Bei der gebotenen summarischen Prüfung ist demzufolge davon auszugehen, dass streitgegenständlich die Genehmigung eines unter 800 m² Verkaufsfläche liegenden und damit nicht großflächigen Einzelhandelsbetriebes ist. Ein derartiger Einzelhandelsbetrieb, auch wenn nur wenige Quadratzentimeter zur Großflächigkeit fehlen, darf aber bauplanungsrechtlich, sofern der Bebauungsplan - wie vorliegend - keine entsprechenden Einschränkungen enthält, in einem Gewerbegebiet nach § 8 Abs. 2 Nr. 1 BauNVO ohne weiteres errichtet werden.
Sofern seitens der Antragstellerin Bedenken gegen den Bebauungsplan der Beigeladenen Ziffer 2 „G. A.“ geltend gemacht werden, insbesondere im Blick auf das interkommunale Abstimmungsgebot nach § 2 Abs. 2 BauGB, gehen diese aller Voraussicht nach schon aufgrund der Regelung des § 215 Abs. 1 a.F. ins Leere.
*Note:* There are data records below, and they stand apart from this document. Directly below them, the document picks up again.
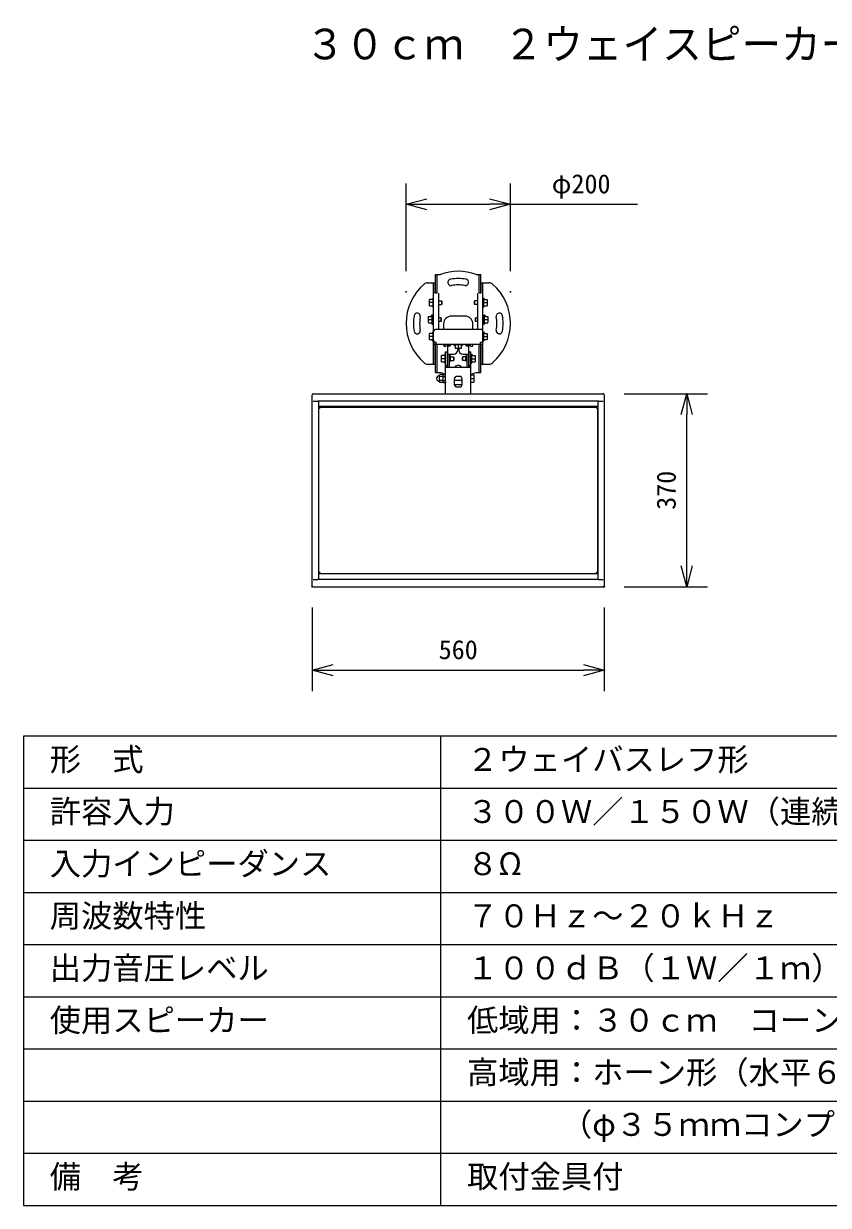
# Model space of a CAD drawing. Units: millimetres, scale not verified. Extents: x -63 to 62, y -57 to 57.
# Drawn here: x -62.5 to 14.6, y -56.5 to 56.8 of the extents above; entities that cross this region are included whole.
import ezdxf
from ezdxf.enums import TextEntityAlignment as Align

# ---------------------------------------------------------------- set-up
doc = ezdxf.new("R2010")
doc.units = ezdxf.units.MM
doc.header["$LTSCALE"] = 0.125
doc.header["$PDMODE"] = 32
doc.header["$PDSIZE"] = 0.0625
for name, color, linetype, lineweight in [('0-0_0', 1, 'Continuous', 18), ('0-1_WAKU', 1, 'Continuous', 18), ('0-4_GAIKEI', 1, 'Continuous', 18), ('0-5_SUNPO', 7, 'Continuous', 25)]:
    doc.layers.add(name, color=color, linetype=linetype, lineweight=lineweight)
doc.layers.add('0-2_MOJI1', color=7, linetype='Continuous')
doc.layers.add('0-6_DEFPOINTS', color=7, linetype='Continuous')
doc.styles.add('ＭＳ ゴシック', font='')
doc.styles.get('ＭＳ ゴシック').set_extended_font_data('MS Gothic')

# ---------------------------------------------------------------- blocks, each defined once
blk = doc.blocks.new('_OPEN30')
at = {"layer": '0-0_0', "color": 7, "lineweight": 25}
blk.add_line((0, 0), (-1, 0), dxfattribs=at)
blk.add_lwpolyline([(-1, 0.26795), (0, 0), (-1, -0.26795)], dxfattribs=at)
blk = doc.blocks.new('D8')
at = {"layer": '0-5_SUNPO'}
for p, q in [((-31.5335, 30.3026), (-31.5335, 38.7026)), ((-21.5335, 30.3026), (-21.5335, 38.7026)), ((-29.5335, 36.7026), (-23.5335, 36.7026)), ((-21.5335, 36.7026), (-9.3669, 36.7026))]:
    blk.add_line(p, q, dxfattribs=at)
at = {"layer": '0-6_DEFPOINTS'}
for p in [(-21.5335, 36.7026), (-31.5335, 28.3026), (-21.5335, 28.3026)]:
    blk.add_point(p, dxfattribs=at)
at = {"layer": '0-5_SUNPO', "xscale": 2, "yscale": 2, "rotation": 180}
blk.add_blockref('_OPEN30', (-31.5335, 36.7026), dxfattribs=at)
at = {"layer": '0-5_SUNPO', "xscale": 2, "yscale": 2}
blk.add_blockref('_OPEN30', (-21.5335, 36.7026), dxfattribs=at)
at = {"layer": '0-5_SUNPO', "style": 'ＭＳ ゴシック'}
blk.add_text('φ200', height=1.833, dxfattribs=at).set_placement((-17.5752, 37.2026), align=Align.BOTTOM_LEFT)
blk = doc.blocks.new('D7')
at = {"layer": '0-5_SUNPO'}
for p, q in [((-10.6334, 18.537), (-2.6334, 18.537)), ((-4.6334, 2.0371), (-4.6334, 16.537)), ((-10.6334, 0.0371), (-2.6334, 0.0371))]:
    blk.add_line(p, q, dxfattribs=at)
at = {"layer": '0-6_DEFPOINTS'}
for p in [(-12.6334, 18.537), (-4.6334, 18.537), (-12.6334, 0.0371)]:
    blk.add_point(p, dxfattribs=at)
at = {"layer": '0-5_SUNPO', "xscale": 2, "yscale": 2}
for p, rotation in [((-4.6334, 18.537), 90), ((-4.6334, 0.0371), 270)]:
    blk.add_blockref('_OPEN30', p, dxfattribs=dict(at, rotation=rotation))
at = {"layer": '0-5_SUNPO', "style": 'ＭＳ ゴシック'}
blk.add_text('370', height=1.833, rotation=90, dxfattribs=at).set_placement((-5.1334, 7.4121), align=Align.BOTTOM_LEFT)
blk = doc.blocks.new('D6')
at = {"layer": '0-5_SUNPO'}
for p, q in [((-40.5334, -1.9629), (-40.5334, -9.9629)), ((-12.5335, -1.9629), (-12.5335, -9.9629)), ((-38.5334, -7.9629), (-14.5335, -7.9629))]:
    blk.add_line(p, q, dxfattribs=at)
at = {"layer": '0-6_DEFPOINTS'}
for p in [(-40.5334, 0.0371), (-12.5335, 0.0371), (-12.5335, -7.9629)]:
    blk.add_point(p, dxfattribs=at)
at = {"layer": '0-5_SUNPO', "xscale": 2, "yscale": 2, "rotation": 180}
blk.add_blockref('_OPEN30', (-40.5334, -7.9629), dxfattribs=at)
at = {"layer": '0-5_SUNPO', "xscale": 2, "yscale": 2}
blk.add_blockref('_OPEN30', (-12.5335, -7.9629), dxfattribs=at)
at = {"layer": '0-5_SUNPO', "style": 'ＭＳ ゴシック'}
blk.add_text('560', height=1.833, dxfattribs=at).set_placement((-28.4085, -7.4629), align=Align.BOTTOM_LEFT)

msp = doc.modelspace()

# ---------------------------------------------------------------- linework, layer by layer
at = {"layer": '0-1_WAKU', "color": 4}
for p, q in [((62.4925, -11.5061), (-62.5075, -11.5061)), ((-62.5075, -11.5061), (-62.5075, -56.5061)), ((-22.5075, -56.5061), (-22.5075, -11.5061)), ((-62.5075, -56.5061), (62.4925, -56.5061))]:
    msp.add_line(p, q, dxfattribs=at)
at = {"layer": '0-1_WAKU'}
for p, q in [((-62.5075, -16.5061), (62.4925, -16.5061)), ((-62.5075, -21.5061), (62.4925, -21.5061)), ((-62.5075, -26.5061), (62.4925, -26.5061)), ((-62.5075, -31.5061), (62.4925, -31.5061)), ((-62.5075, -36.5061), (62.4925, -36.5061)), ((-62.5075, -41.5061), (62.4925, -41.5061)), ((-62.5075, -46.5061), (62.4925, -46.5061)), ((-62.5075, -51.5061), (62.4925, -51.5061))]:
    msp.add_line(p, q, dxfattribs=at)
at = {"layer": '0-4_GAIKEI', "color": 7}
for p, q in [((-23.7969, 31.9511), (-23.054, 31.9511)), ((-23.214, 24.1511), (-23.214, 31.9511)), ((-23.054, 30.9768), (-23.054, 31.9511)), ((-23.024, 32.7511), (-22.5549, 32.7511)), ((-23.024, 30.9768), (-23.024, 32.7511)), ((-22.864, 30.9768), (-22.864, 32.7511)), ((-19.1432, 32.7511), (-18.674, 32.7511)), ((-18.834, 30.9768), (-18.834, 32.7511)), ((-18.674, 30.9768), (-18.674, 32.7511)), ((-18.644, 31.9511), (-17.9012, 31.9511)), ((-18.644, 30.9768), (-18.644, 31.9511)), ((-18.484, 24.1511), (-18.484, 31.9511)), ((-23.1412, 30.9511), (-23.214, 30.9511)), ((-23.054, 30.9768), (-22.864, 30.9768)), ((-22.714, 27.4611), (-22.714, 30.9548)), ((-18.984, 27.4611), (-18.984, 30.9548)), ((-18.834, 30.9768), (-18.644, 30.9768)), ((-18.484, 30.9511), (-18.5569, 30.9511)), ((-18.634, 27.4611), (-23.064, 27.4611)), ((-22.864, 27.4629), (-23.054, 27.4629)), ((-18.644, 27.4629), (-18.834, 27.4629)), ((-23.214, 26.0511), (-18.484, 26.0511)), ((-23.054, 24.1511), (-23.054, 26.0511)), ((-23.024, 23.3511), (-23.024, 26.0511)), ((-22.864, 23.3511), (-22.864, 26.0511)), ((-22.059, 21.3105), (-22.059, 25.3461)), ((-22.059, 25.3461), (-21.899, 25.3461)), ((-21.899, 25.3461), (-21.899, 23.9045)), ((-21.859, 25.9216), (-21.859, 26.0311)), ((-21.859, 23.8713), (-21.859, 25.9211)), ((-21.8588, 25.9211), (-21.649, 25.9211)), ((-21.8547, 25.1211), (-21.299, 25.1211)), ((-21.699, 23.8711), (-21.699, 25.1118)), ((-21.549, 26.0211), (-21.549, 26.0511)), ((-20.899, 25.6511), (-20.899, 25.5211)), ((-20.799, 25.6511), (-20.799, 25.5211)), ((-20.399, 25.1211), (-19.8434, 25.1211)), ((-20.149, 26.0511), (-20.149, 26.0211)), ((-20.049, 25.9211), (-19.8392, 25.9211)), ((-19.999, 23.8711), (-19.999, 25.1118)), ((-19.839, 26.0311), (-19.839, 25.9216)), ((-19.839, 23.8713), (-19.839, 25.9211)), ((-19.799, 23.9045), (-19.799, 25.3461)), ((-19.799, 25.3461), (-19.639, 25.3461)), ((-19.639, 21.3105), (-19.639, 25.3461)), ((-18.834, 23.3511), (-18.834, 26.0511)), ((-18.674, 23.3511), (-18.674, 26.0511)), ((-18.644, 24.1511), (-18.644, 26.0511)), ((-23.7969, 24.1511), (-23.054, 24.1511)), ((-22.0448, 23.8711), (-19.6533, 23.8711)), ((-19.639, 23.9873), (-19.799, 23.9873)), ((-18.644, 24.1511), (-17.9012, 24.1511)), ((-23.024, 23.3511), (-22.5549, 23.3511)), ((-19.1432, 23.3511), (-18.674, 23.3511)), ((-34.849, 2.9089), (-34.849, 21.2105)), ((-34.749, 21.3105), (-6.949, 21.3105)), ((-6.849, 21.2105), (-6.849, 2.9089)), ((-34.749, 2.8089), (-6.949, 2.8089))]:
    msp.add_line(p, q, dxfattribs=at)
at = {"layer": '0-4_GAIKEI'}
for p, q in [((-23.614, 29.7568), (-23.614, 30.3454)), ((-23.3369, 30.3511), (-23.612, 30.3511)), ((-23.612, 29.7511), (-23.3369, 29.7511)), ((-23.3369, 30.0511), (-23.5958, 30.0511)), ((-23.264, 30.4886), (-23.374, 30.3511)), ((-23.264, 29.6136), (-23.374, 29.7511)), ((-23.214, 30.4886), (-23.264, 30.4886)), ((-23.264, 29.6136), (-23.264, 30.4886)), ((-23.214, 29.6136), (-23.264, 29.6136)), ((-22.714, 30.2261), (-22.4453, 30.2261)), ((-22.714, 29.8761), (-22.4453, 29.8761)), ((-22.414, 30.1949), (-22.4453, 30.2261)), ((-22.4453, 30.2261), (-22.4453, 29.8761)), ((-22.414, 29.9074), (-22.4453, 29.8761)), ((-22.414, 30.1949), (-22.414, 29.9074)), ((-19.284, 30.1949), (-19.2528, 30.2261)), ((-19.284, 29.9074), (-19.284, 30.1949)), ((-19.284, 29.9074), (-19.2528, 29.8761)), ((-18.984, 30.2261), (-19.2528, 30.2261)), ((-19.2528, 29.8761), (-19.2528, 30.2261)), ((-18.984, 29.8761), (-19.2528, 29.8761)), ((-18.484, 30.4886), (-18.434, 30.4886)), ((-18.484, 29.6136), (-18.434, 29.6136)), ((-18.434, 30.4886), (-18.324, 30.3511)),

Gemäß § 233 Abs. 2 BauGB i. d. F. von Art. 1 Nr. 71 des Gesetzes zur Anpassung des Baugesetzbuches an EU-Richtlinien vom 24.06.2004 (BGBl. I S. 1359) sind die Vorschriften des dritten Kapitels, zweiter Teil, vierter Abschnitt zur Planerhaltung auch auf Flächennutzungspläne und Satzungen entsprechend anzuwenden, die auf der Grundlage bisheriger Fassungen dieses Gesetzes in Kraft getreten sind. Unbeschadet des Satzes 1 sind auf der Grundlage bisheriger Fassungen dieses Gesetzes unbeachtliche oder durch Fristablauf unbeachtliche Fehler bei der Aufstellung von Flächennutzungsplänen und Satzungen auch weiterhin für die Rechtswirksamkeit dieser Flächennutzungspläne und Satzungen unbeachtlich. Abweichend von Satz 1 sind für vor dem Inkrafttreten einer Gesetzesänderung in Kraft getretene Flächennutzungspläne und Satzungen die vor dem Inkrafttreten der Gesetzesänderung geltenden Vorschriften über die Geltendmachung der Verletzung von Verfahrens- und Formvorschriften, von Mängeln der Abwägung und sonstigen Vorschriften einschließlich ihrer Fristen weiterhin anzuwenden.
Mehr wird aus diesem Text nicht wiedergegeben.